What you will do
Each line containing the word "CIRCLE" must be copied from the material below.
Top of Records provided
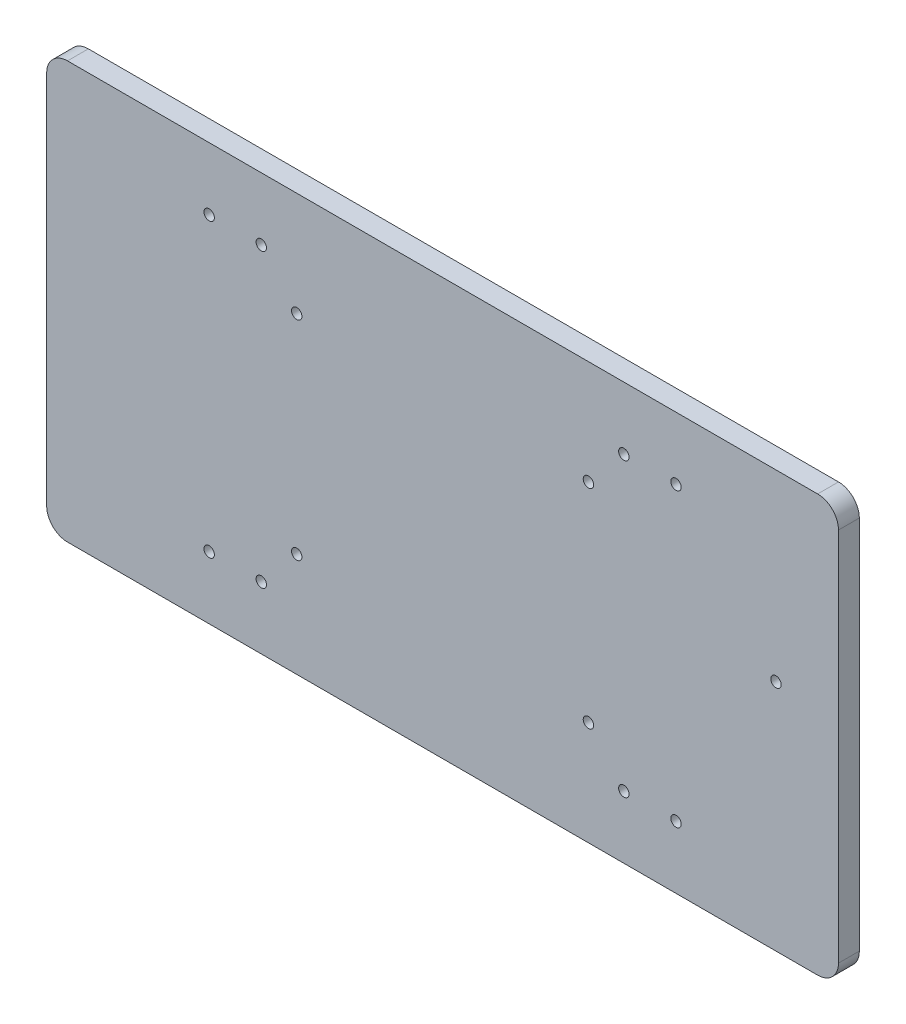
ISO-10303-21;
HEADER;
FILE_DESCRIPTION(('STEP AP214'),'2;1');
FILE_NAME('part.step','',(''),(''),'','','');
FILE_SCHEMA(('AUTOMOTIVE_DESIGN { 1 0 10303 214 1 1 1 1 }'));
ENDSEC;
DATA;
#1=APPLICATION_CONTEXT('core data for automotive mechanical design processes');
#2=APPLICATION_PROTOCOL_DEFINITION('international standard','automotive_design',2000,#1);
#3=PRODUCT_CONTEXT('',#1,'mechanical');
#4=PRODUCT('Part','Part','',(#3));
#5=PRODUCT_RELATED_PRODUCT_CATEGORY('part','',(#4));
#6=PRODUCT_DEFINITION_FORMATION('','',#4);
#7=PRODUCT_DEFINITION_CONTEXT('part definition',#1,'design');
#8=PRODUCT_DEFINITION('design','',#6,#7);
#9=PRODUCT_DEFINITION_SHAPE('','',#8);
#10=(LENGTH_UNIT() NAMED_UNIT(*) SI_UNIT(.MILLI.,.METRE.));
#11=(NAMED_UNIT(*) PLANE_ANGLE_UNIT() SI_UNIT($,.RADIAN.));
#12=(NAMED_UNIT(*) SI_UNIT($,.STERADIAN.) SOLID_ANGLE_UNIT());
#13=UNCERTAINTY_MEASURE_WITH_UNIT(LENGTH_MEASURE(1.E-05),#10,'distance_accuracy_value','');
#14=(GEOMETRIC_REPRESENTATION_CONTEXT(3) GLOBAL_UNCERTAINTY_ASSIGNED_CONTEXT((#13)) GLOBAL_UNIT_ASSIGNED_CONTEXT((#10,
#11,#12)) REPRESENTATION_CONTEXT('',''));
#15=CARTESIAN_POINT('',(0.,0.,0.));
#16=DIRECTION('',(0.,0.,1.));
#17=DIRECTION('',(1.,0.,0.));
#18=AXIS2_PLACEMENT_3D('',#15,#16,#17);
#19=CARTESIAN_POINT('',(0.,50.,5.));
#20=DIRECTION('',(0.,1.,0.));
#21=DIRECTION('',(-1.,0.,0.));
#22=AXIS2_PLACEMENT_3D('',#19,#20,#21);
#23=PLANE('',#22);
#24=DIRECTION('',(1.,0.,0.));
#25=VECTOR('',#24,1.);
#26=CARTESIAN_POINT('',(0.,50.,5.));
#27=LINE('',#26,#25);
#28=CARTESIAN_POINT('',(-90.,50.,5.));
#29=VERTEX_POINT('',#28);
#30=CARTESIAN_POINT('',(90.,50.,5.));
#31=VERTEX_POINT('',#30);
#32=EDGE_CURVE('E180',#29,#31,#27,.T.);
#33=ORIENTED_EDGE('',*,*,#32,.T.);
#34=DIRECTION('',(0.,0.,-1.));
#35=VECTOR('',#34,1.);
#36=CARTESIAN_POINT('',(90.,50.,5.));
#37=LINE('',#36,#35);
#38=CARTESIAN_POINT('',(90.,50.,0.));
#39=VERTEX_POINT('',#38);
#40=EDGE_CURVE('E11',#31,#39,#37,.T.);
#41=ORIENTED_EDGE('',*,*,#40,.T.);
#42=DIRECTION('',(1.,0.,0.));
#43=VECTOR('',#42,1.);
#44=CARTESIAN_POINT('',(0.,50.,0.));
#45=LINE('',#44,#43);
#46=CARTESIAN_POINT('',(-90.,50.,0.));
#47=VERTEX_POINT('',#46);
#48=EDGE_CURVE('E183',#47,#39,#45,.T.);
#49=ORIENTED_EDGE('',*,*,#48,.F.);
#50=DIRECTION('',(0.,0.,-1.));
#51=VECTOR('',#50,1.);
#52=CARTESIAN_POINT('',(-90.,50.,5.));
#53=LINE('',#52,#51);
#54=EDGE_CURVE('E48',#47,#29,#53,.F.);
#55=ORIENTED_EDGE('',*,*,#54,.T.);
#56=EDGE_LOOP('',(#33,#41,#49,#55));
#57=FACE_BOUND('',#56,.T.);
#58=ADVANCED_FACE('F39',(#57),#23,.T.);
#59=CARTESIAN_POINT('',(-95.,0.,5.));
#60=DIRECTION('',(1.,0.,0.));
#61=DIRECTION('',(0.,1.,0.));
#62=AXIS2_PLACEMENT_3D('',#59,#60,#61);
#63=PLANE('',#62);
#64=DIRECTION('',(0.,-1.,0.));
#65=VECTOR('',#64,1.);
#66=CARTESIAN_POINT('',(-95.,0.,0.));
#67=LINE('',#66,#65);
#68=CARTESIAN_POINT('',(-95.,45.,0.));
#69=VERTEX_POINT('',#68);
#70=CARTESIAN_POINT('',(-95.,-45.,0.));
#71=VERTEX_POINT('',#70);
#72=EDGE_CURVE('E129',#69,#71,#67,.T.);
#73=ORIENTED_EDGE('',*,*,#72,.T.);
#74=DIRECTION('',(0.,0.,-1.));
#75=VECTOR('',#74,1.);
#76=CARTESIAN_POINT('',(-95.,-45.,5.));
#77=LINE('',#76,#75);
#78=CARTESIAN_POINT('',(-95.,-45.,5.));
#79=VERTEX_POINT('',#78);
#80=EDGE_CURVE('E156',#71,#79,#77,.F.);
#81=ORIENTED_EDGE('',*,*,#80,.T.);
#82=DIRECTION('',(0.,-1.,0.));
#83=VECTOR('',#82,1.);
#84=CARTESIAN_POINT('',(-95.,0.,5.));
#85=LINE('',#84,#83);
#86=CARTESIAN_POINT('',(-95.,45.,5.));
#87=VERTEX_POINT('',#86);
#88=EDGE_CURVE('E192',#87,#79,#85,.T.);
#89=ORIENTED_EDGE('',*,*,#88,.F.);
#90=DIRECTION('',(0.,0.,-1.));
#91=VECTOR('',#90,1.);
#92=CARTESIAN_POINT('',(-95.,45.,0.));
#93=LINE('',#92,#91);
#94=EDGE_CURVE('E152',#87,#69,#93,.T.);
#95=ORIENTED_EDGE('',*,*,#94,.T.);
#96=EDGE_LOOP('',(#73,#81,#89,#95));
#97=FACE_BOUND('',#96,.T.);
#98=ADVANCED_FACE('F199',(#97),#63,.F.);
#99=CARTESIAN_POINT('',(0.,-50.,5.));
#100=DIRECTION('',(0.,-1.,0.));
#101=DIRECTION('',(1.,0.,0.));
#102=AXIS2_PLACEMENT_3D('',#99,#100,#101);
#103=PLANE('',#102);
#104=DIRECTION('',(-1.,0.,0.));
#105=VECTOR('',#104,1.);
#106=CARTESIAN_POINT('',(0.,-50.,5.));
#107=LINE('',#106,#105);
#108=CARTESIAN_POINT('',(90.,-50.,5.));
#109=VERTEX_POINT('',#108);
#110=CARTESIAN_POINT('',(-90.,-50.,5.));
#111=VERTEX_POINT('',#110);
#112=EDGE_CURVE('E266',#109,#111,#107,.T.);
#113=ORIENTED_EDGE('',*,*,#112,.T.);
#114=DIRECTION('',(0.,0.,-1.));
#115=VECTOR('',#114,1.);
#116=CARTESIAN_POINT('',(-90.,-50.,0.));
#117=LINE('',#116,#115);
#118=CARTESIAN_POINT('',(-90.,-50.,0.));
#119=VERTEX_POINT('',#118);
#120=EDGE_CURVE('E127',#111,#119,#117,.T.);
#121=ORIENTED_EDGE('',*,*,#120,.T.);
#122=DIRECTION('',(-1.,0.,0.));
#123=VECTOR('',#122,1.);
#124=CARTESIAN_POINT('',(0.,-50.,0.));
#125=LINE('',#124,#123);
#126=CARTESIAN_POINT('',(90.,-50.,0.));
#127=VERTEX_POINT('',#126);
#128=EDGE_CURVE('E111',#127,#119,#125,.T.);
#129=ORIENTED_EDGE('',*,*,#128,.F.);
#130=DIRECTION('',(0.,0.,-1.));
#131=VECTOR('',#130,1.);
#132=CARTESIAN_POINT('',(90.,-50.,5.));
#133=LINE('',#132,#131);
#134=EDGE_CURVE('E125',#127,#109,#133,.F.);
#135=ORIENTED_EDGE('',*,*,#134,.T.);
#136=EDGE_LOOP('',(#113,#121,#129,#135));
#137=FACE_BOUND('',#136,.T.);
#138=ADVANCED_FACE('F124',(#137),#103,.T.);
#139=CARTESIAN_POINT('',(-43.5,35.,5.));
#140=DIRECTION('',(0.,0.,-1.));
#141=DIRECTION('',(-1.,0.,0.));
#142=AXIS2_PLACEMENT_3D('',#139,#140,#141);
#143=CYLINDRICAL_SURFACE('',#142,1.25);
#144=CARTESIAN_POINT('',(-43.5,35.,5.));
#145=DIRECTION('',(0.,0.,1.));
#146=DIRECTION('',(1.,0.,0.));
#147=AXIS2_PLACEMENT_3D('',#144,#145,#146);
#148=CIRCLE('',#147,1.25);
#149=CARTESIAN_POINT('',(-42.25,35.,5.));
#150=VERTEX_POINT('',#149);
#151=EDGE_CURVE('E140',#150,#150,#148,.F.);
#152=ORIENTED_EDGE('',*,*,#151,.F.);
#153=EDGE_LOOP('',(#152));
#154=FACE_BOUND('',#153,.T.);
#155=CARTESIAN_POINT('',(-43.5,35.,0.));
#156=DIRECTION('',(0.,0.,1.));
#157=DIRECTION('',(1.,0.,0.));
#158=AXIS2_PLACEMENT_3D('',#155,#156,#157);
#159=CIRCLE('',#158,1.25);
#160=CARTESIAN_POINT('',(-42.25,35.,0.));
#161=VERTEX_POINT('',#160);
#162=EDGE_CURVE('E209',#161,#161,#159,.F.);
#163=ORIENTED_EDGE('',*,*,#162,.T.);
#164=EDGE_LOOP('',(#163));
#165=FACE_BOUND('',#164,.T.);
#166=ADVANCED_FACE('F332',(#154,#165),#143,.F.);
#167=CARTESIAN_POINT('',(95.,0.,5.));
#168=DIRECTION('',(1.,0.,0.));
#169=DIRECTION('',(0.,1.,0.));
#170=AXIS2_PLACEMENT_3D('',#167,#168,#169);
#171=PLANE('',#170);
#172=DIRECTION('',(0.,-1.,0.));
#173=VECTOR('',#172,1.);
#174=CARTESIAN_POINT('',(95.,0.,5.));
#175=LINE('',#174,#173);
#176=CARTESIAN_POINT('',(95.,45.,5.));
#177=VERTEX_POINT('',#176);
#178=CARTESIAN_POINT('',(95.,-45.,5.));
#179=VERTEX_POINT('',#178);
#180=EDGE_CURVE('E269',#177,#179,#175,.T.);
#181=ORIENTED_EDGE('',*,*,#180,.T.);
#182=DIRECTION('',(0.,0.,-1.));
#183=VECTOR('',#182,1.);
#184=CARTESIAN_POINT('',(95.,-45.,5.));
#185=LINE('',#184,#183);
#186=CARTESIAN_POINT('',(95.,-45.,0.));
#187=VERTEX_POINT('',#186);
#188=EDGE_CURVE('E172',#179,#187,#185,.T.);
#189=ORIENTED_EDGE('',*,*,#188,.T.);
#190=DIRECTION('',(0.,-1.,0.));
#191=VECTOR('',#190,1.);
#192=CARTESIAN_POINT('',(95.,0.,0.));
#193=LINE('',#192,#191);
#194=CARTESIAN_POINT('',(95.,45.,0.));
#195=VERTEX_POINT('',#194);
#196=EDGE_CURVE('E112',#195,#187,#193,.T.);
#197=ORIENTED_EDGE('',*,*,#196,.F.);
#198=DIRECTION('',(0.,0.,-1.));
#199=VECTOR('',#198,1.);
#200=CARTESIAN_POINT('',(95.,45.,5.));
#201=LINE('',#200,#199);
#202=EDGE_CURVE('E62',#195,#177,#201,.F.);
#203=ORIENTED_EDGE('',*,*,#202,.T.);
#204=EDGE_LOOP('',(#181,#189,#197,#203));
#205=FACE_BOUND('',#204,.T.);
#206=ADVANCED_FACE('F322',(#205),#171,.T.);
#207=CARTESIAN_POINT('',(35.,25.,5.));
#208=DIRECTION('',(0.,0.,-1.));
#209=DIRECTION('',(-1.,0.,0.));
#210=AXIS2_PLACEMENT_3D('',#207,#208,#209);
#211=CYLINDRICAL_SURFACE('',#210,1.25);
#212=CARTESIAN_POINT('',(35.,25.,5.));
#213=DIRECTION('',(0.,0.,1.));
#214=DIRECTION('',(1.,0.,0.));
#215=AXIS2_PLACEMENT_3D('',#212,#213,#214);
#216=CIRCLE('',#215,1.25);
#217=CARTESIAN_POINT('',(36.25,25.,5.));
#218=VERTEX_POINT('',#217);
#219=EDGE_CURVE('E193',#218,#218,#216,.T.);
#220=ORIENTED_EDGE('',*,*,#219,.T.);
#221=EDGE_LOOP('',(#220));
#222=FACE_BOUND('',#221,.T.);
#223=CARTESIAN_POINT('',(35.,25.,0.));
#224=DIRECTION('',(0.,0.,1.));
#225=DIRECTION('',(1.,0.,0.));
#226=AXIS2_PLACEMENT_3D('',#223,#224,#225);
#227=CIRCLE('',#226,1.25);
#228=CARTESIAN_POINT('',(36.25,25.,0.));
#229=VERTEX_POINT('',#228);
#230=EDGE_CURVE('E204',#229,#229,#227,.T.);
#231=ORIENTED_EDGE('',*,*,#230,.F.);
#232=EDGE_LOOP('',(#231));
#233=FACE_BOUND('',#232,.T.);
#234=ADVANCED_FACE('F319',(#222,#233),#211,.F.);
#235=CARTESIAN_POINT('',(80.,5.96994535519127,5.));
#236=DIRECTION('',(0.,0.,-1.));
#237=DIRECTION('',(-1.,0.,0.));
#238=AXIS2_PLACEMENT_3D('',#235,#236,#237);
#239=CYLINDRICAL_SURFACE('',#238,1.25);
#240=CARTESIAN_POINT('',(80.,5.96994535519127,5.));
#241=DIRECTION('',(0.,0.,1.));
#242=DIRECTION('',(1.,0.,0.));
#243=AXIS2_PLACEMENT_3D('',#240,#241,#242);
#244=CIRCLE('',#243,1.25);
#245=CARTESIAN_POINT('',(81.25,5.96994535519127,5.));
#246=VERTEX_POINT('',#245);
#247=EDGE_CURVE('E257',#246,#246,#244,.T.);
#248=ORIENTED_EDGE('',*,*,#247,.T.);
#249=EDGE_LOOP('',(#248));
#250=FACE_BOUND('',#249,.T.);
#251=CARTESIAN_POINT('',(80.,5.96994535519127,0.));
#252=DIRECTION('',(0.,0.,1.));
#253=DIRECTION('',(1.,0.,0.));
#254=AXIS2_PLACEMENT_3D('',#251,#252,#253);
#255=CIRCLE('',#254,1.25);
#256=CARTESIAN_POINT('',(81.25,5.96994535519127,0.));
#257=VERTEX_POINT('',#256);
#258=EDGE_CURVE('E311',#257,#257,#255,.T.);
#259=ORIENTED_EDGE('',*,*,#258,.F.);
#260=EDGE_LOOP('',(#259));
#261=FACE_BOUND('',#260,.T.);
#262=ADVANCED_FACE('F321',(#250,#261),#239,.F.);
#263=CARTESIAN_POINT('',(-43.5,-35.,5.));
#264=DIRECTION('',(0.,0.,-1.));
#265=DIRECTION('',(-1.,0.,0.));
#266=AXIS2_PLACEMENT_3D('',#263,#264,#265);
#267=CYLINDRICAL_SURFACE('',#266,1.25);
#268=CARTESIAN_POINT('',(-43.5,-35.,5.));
Bottom of Records provided
Answer to this problem
#148=CIRCLE('',#147,1.25);
#159=CIRCLE('',#158,1.25);
#216=CIRCLE('',#215,1.25);
#227=CIRCLE('',#226,1.25);
#244=CIRCLE('',#243,1.25);
#255=CIRCLE('',#254,1.25);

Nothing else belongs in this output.